Suscriptor digital

Las polémicas declaraciones de la secretaria de Goebbels: "Creía que llevaban a la gente a los campos de concentración para reeducarla"

"Porque no pasaba casi nada allí", dice la secretaria de Goebbels en relación a la oficina del jefe de la propaganda nazi
"Porque no pasaba casi nada allí", dice la secretaria de Goebbels en relación a la oficina del jefe de la propaganda nazi Crédito: Vimeo
La mujer que trabajó para el régimen nazi y dice no arrepentirse; asegura que todo lo que hizo fue "tipear para el señor Goebbels" a la vez que cuenta que no faltaba alcohol en el búnker para "permanecer insensibles"
(0)
20 de agosto de 2016  • 16:21

La frase más famosa de Joseph Goebbels fue: "Una mentira repetida mil veces se vuelve verdad". Y la historia de Brunhilde Pomsel, quien fuera su secretaria durante el régimen nazi, parece pendular entre esa máxima y la descripción que hizo Hannah Arendt sobre la "banalidad del mal", cuando describió a Adolf Eichmann, el frío ideólogo de "la solución final".

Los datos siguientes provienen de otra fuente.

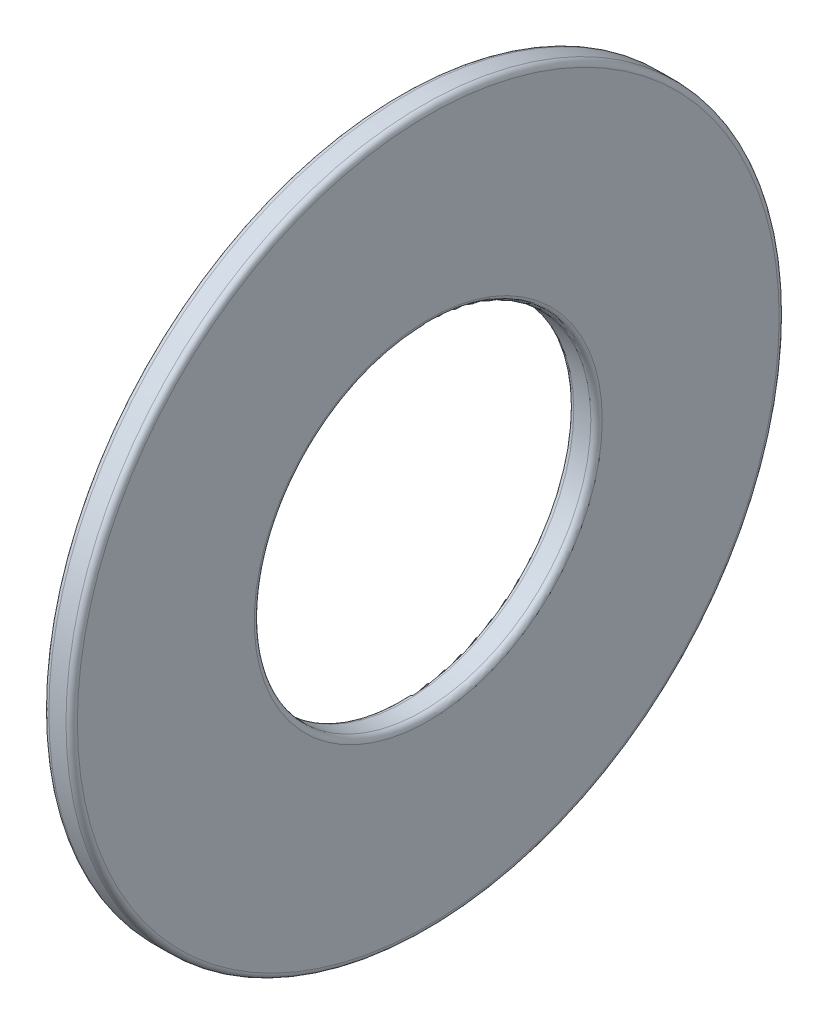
ISO-10303-21;
HEADER;
FILE_DESCRIPTION(('STEP AP214'),'2;1');
FILE_NAME('part.step','',(''),(''),'','','');
FILE_SCHEMA(('AUTOMOTIVE_DESIGN { 1 0 10303 214 1 1 1 1 }'));
ENDSEC;
DATA;
#1=APPLICATION_CONTEXT('core data for automotive mechanical design processes');
#2=APPLICATION_PROTOCOL_DEFINITION('international standard','automotive_design',2000,#1);
#3=PRODUCT_CONTEXT('',#1,'mechanical');
#4=PRODUCT('Part','Part','',(#3));
#5=PRODUCT_RELATED_PRODUCT_CATEGORY('part','',(#4));
#6=PRODUCT_DEFINITION_FORMATION('','',#4);
#7=PRODUCT_DEFINITION_CONTEXT('part definition',#1,'design');
#8=PRODUCT_DEFINITION('design','',#6,#7);
#9=PRODUCT_DEFINITION_SHAPE('','',#8);
#10=(LENGTH_UNIT() NAMED_UNIT(*) SI_UNIT(.MILLI.,.METRE.));
#11=(NAMED_UNIT(*) PLANE_ANGLE_UNIT() SI_UNIT($,.RADIAN.));
#12=(NAMED_UNIT(*) SI_UNIT($,.STERADIAN.) SOLID_ANGLE_UNIT());
#13=UNCERTAINTY_MEASURE_WITH_UNIT(LENGTH_MEASURE(1.E-05),#10,'distance_accuracy_value','');
#14=(GEOMETRIC_REPRESENTATION_CONTEXT(3) GLOBAL_UNCERTAINTY_ASSIGNED_CONTEXT((#13)) GLOBAL_UNIT_ASSIGNED_CONTEXT((#10,
#11,#12)) REPRESENTATION_CONTEXT('',''));
#15=CARTESIAN_POINT('',(0.,0.,0.));
#16=DIRECTION('',(0.,0.,1.));
#17=DIRECTION('',(1.,0.,0.));
#18=AXIS2_PLACEMENT_3D('',#15,#16,#17);
#19=CARTESIAN_POINT('',(1.143,0.,0.));
#20=DIRECTION('',(1.,0.,0.));
#21=DIRECTION('',(0.,0.,-1.));
#22=AXIS2_PLACEMENT_3D('',#19,#20,#21);
#23=PLANE('',#22);
#24=CARTESIAN_POINT('',(1.143,0.,0.));
#25=DIRECTION('',(1.,0.,0.));
#26=DIRECTION('',(0.,0.,-1.));
#27=AXIS2_PLACEMENT_3D('',#24,#25,#26);
#28=CIRCLE('',#27,28.1178);
#29=CARTESIAN_POINT('',(1.143,0.,-28.1178));
#30=VERTEX_POINT('',#29);
#31=EDGE_CURVE('E79',#30,#30,#28,.T.);
#32=ORIENTED_EDGE('',*,*,#31,.T.);
#33=EDGE_LOOP('',(#32));
#34=FACE_BOUND('',#33,.T.);
#35=CARTESIAN_POINT('',(1.143,0.,0.));
#36=DIRECTION('',(1.,0.,0.));
#37=DIRECTION('',(0.,0.,-1.));
#38=AXIS2_PLACEMENT_3D('',#35,#36,#37);
#39=CIRCLE('',#38,13.9446);
#40=CARTESIAN_POINT('',(1.143,0.,-13.9446));
#41=VERTEX_POINT('',#40);
#42=EDGE_CURVE('E84',#41,#41,#39,.F.);
#43=ORIENTED_EDGE('',*,*,#42,.T.);
#44=EDGE_LOOP('',(#43));
#45=FACE_BOUND('',#44,.T.);
#46=ADVANCED_FACE('F44',(#34,#45),#23,.T.);
#47=CARTESIAN_POINT('',(-1.143,0.,0.));
#48=DIRECTION('',(1.,0.,0.));
#49=DIRECTION('',(0.,0.,-1.));
#50=AXIS2_PLACEMENT_3D('',#47,#48,#49);
#51=PLANE('',#50);
#52=CARTESIAN_POINT('',(-1.143,0.,0.));
#53=DIRECTION('',(1.,0.,0.));
#54=DIRECTION('',(0.,0.,-1.));
#55=AXIS2_PLACEMENT_3D('',#52,#53,#54);
#56=CIRCLE('',#55,28.1178);
#57=CARTESIAN_POINT('',(-1.143,0.,-28.1178));
#58=VERTEX_POINT('',#57);
#59=EDGE_CURVE('E56',#58,#58,#56,.F.);
#60=ORIENTED_EDGE('',*,*,#59,.T.);
#61=EDGE_LOOP('',(#60));
#62=FACE_BOUND('',#61,.T.);
#63=CARTESIAN_POINT('',(-1.143,0.,0.));
#64=DIRECTION('',(1.,0.,0.));
#65=DIRECTION('',(0.,0.,-1.));
#66=AXIS2_PLACEMENT_3D('',#63,#64,#65);
#67=CIRCLE('',#66,13.9446);
#68=CARTESIAN_POINT('',(-1.143,0.,-13.9446));
#69=VERTEX_POINT('',#68);
#70=EDGE_CURVE('E63',#69,#69,#67,.T.);
#71=ORIENTED_EDGE('',*,*,#70,.T.);
#72=EDGE_LOOP('',(#71));
#73=FACE_BOUND('',#72,.T.);
#74=ADVANCED_FACE('F101',(#62,#73),#51,.F.);
#75=CARTESIAN_POINT('',(1.143,0.,0.));
#76=DIRECTION('',(-1.,0.,0.));
#77=DIRECTION('',(0.,0.,1.));
#78=AXIS2_PLACEMENT_3D('',#75,#76,#77);
#79=CYLINDRICAL_SURFACE('',#78,28.575);
#80=CARTESIAN_POINT('',(0.6858,0.,0.));
#81=DIRECTION('',(1.,0.,0.));
#82=DIRECTION('',(0.,0.,-1.));
#83=AXIS2_PLACEMENT_3D('',#80,#81,#82);
#84=CIRCLE('',#83,28.575);
#85=CARTESIAN_POINT('',(0.6858,0.,-28.575));
#86=VERTEX_POINT('',#85);
#87=EDGE_CURVE('E72',#86,#86,#84,.F.);
#88=ORIENTED_EDGE('',*,*,#87,.T.);
#89=EDGE_LOOP('',(#88));
#90=FACE_BOUND('',#89,.T.);
#91=CARTESIAN_POINT('',(-0.6858,0.,0.));
#92=DIRECTION('',(1.,0.,0.));
#93=DIRECTION('',(0.,0.,-1.));
#94=AXIS2_PLACEMENT_3D('',#91,#92,#93);
#95=CIRCLE('',#94,28.575);
#96=CARTESIAN_POINT('',(-0.6858,0.,-28.575));
#97=VERTEX_POINT('',#96);
#98=EDGE_CURVE('E73',#97,#97,#95,.T.);
#99=ORIENTED_EDGE('',*,*,#98,.T.);
#100=EDGE_LOOP('',(#99));
#101=FACE_BOUND('',#100,.T.);
#102=ADVANCED_FACE('F107',(#90,#101),#79,.T.);
#103=CARTESIAN_POINT('',(1.143,0.,0.));
#104=DIRECTION('',(-1.,0.,0.));
#105=DIRECTION('',(0.,0.,1.));
#106=AXIS2_PLACEMENT_3D('',#103,#104,#105);
#107=CYLINDRICAL_SURFACE('',#106,13.4874);
#108=CARTESIAN_POINT('',(0.6858,0.,0.));
#109=DIRECTION('',(1.,0.,0.));
#110=DIRECTION('',(0.,0.,-1.));
#111=AXIS2_PLACEMENT_3D('',#108,#109,#110);
#112=CIRCLE('',#111,13.4874);
#113=CARTESIAN_POINT('',(0.6858,0.,-13.4874));
#114=VERTEX_POINT('',#113);
#115=EDGE_CURVE('E10',#114,#114,#112,.T.);
#116=ORIENTED_EDGE('',*,*,#115,.T.);
#117=EDGE_LOOP('',(#116));
#118=FACE_BOUND('',#117,.T.);
#119=CARTESIAN_POINT('',(-0.6858,0.,0.));
#120=DIRECTION('',(1.,0.,0.));
#121=DIRECTION('',(0.,0.,-1.));
#122=AXIS2_PLACEMENT_3D('',#119,#120,#121);
#123=CIRCLE('',#122,13.4874);
#124=CARTESIAN_POINT('',(-0.6858,0.,-13.4874));
#125=VERTEX_POINT('',#124);
#126=EDGE_CURVE('E52',#125,#125,#123,.F.);
#127=ORIENTED_EDGE('',*,*,#126,.T.);
#128=EDGE_LOOP('',(#127));
#129=FACE_BOUND('',#128,.T.);
#130=ADVANCED_FACE('F113',(#118,#129),#107,.F.);
#131=CARTESIAN_POINT('',(0.6858,0.,0.));
#132=DIRECTION('',(1.,0.,0.));
#133=DIRECTION('',(0.,0.,-1.));
#134=AXIS2_PLACEMENT_3D('',#131,#132,#133);
#135=TOROIDAL_SURFACE('',#134,28.1178,0.4572);
#136=ORIENTED_EDGE('',*,*,#87,.F.);
#137=EDGE_LOOP('',(#136));
#138=FACE_BOUND('',#137,.T.);
#139=ORIENTED_EDGE('',*,*,#31,.F.);
#140=EDGE_LOOP('',(#139));
#141=FACE_BOUND('',#140,.T.);
#142=ADVANCED_FACE('F100',(#138,#141),#135,.T.);
#143=CARTESIAN_POINT('',(-0.6858,0.,0.));
#144=DIRECTION('',(1.,0.,0.));
#145=DIRECTION('',(0.,0.,-1.));
#146=AXIS2_PLACEMENT_3D('',#143,#144,#145);
#147=TOROIDAL_SURFACE('',#146,28.1178,0.4572);
#148=ORIENTED_EDGE('',*,*,#59,.F.);
#149=EDGE_LOOP('',(#148));
#150=FACE_BOUND('',#149,.T.);
#151=ORIENTED_EDGE('',*,*,#98,.F.);
#152=EDGE_LOOP('',(#151));
#153=FACE_BOUND('',#152,.T.);
#154=ADVANCED_FACE('F93',(#150,#153),#147,.T.);
#155=CARTESIAN_POINT('',(0.6858,0.,0.));
#156=DIRECTION('',(1.,0.,0.));
#157=DIRECTION('',(0.,0.,-1.));
#158=AXIS2_PLACEMENT_3D('',#155,#156,#157);
#159=TOROIDAL_SURFACE('',#158,13.9446,0.4572);
#160=ORIENTED_EDGE('',*,*,#42,.F.);
#161=EDGE_LOOP('',(#160));
#162=FACE_BOUND('',#161,.T.);
#163=ORIENTED_EDGE('',*,*,#115,.F.);
#164=EDGE_LOOP('',(#163));
#165=FACE_BOUND('',#164,.T.);
#166=ADVANCED_FACE('F87',(#162,#165),#159,.T.);
#167=CARTESIAN_POINT('',(-0.6858,0.,0.));
#168=DIRECTION('',(1.,0.,0.));
#169=DIRECTION('',(0.,0.,-1.));
#170=AXIS2_PLACEMENT_3D('',#167,#168,#169);
#171=TOROIDAL_SURFACE('',#170,13.9446,0.4572);
#172=ORIENTED_EDGE('',*,*,#126,.F.);
#173=EDGE_LOOP('',(#172));
#174=FACE_BOUND('',#173,.T.);
#175=ORIENTED_EDGE('',*,*,#70,.F.);
#176=EDGE_LOOP('',(#175));
#177=FACE_BOUND('',#176,.T.);
#178=ADVANCED_FACE('F50',(#174,#177),#171,.T.);
#179=CLOSED_SHELL('',(#46,#74,#102,#130,#142,#154,#166,#178));
#180=MANIFOLD_SOLID_BREP('B2',#179);
#181=ADVANCED_BREP_SHAPE_REPRESENTATION('',(#18,#180),#14);
#182=SHAPE_DEFINITION_REPRESENTATION(#9,#181);
ENDSEC;
END-ISO-10303-21;

Eso puede verse en el documental recientemente estrenado en Alemania "Ein deutsches Leben" (" Una vida alemana "), sobre la vida y reflexiones de la secretaria del jefe de la propaganda nazi Joseph Goebbels.

El documental, grabado íntegramente en blanco y negro, es un retrato psicológico profundo que muestra la negación, el desapego y las contradicciones en que vive esta mujer, que tiene 105 años, y en el que asegura no arrepentirse porque, dice, lo único que hizo "fue trabajar para el señor Goebbels", en un argumento administrativo que recuerda a los de Eichmann en su juicio en Israel.

"No recuerdo", es una de las frases que más repite la secretaria de Goebbels
"No recuerdo", es una de las frases que más repite la secretaria de Goebbels Crédito: Vimeo

El largometraje destaca las frases "no recuerdo", "no entendía" o "allí no sucedía nada", que la entrevistada repite una y otra vez a lo largo de las más de 30 horas de entrevistas, para luego dar lugar a breves instantes de reflexión en que esboza: "Aunque algo sucedía", "toda esa basura política", "¿para qué? ¿con qué fin?"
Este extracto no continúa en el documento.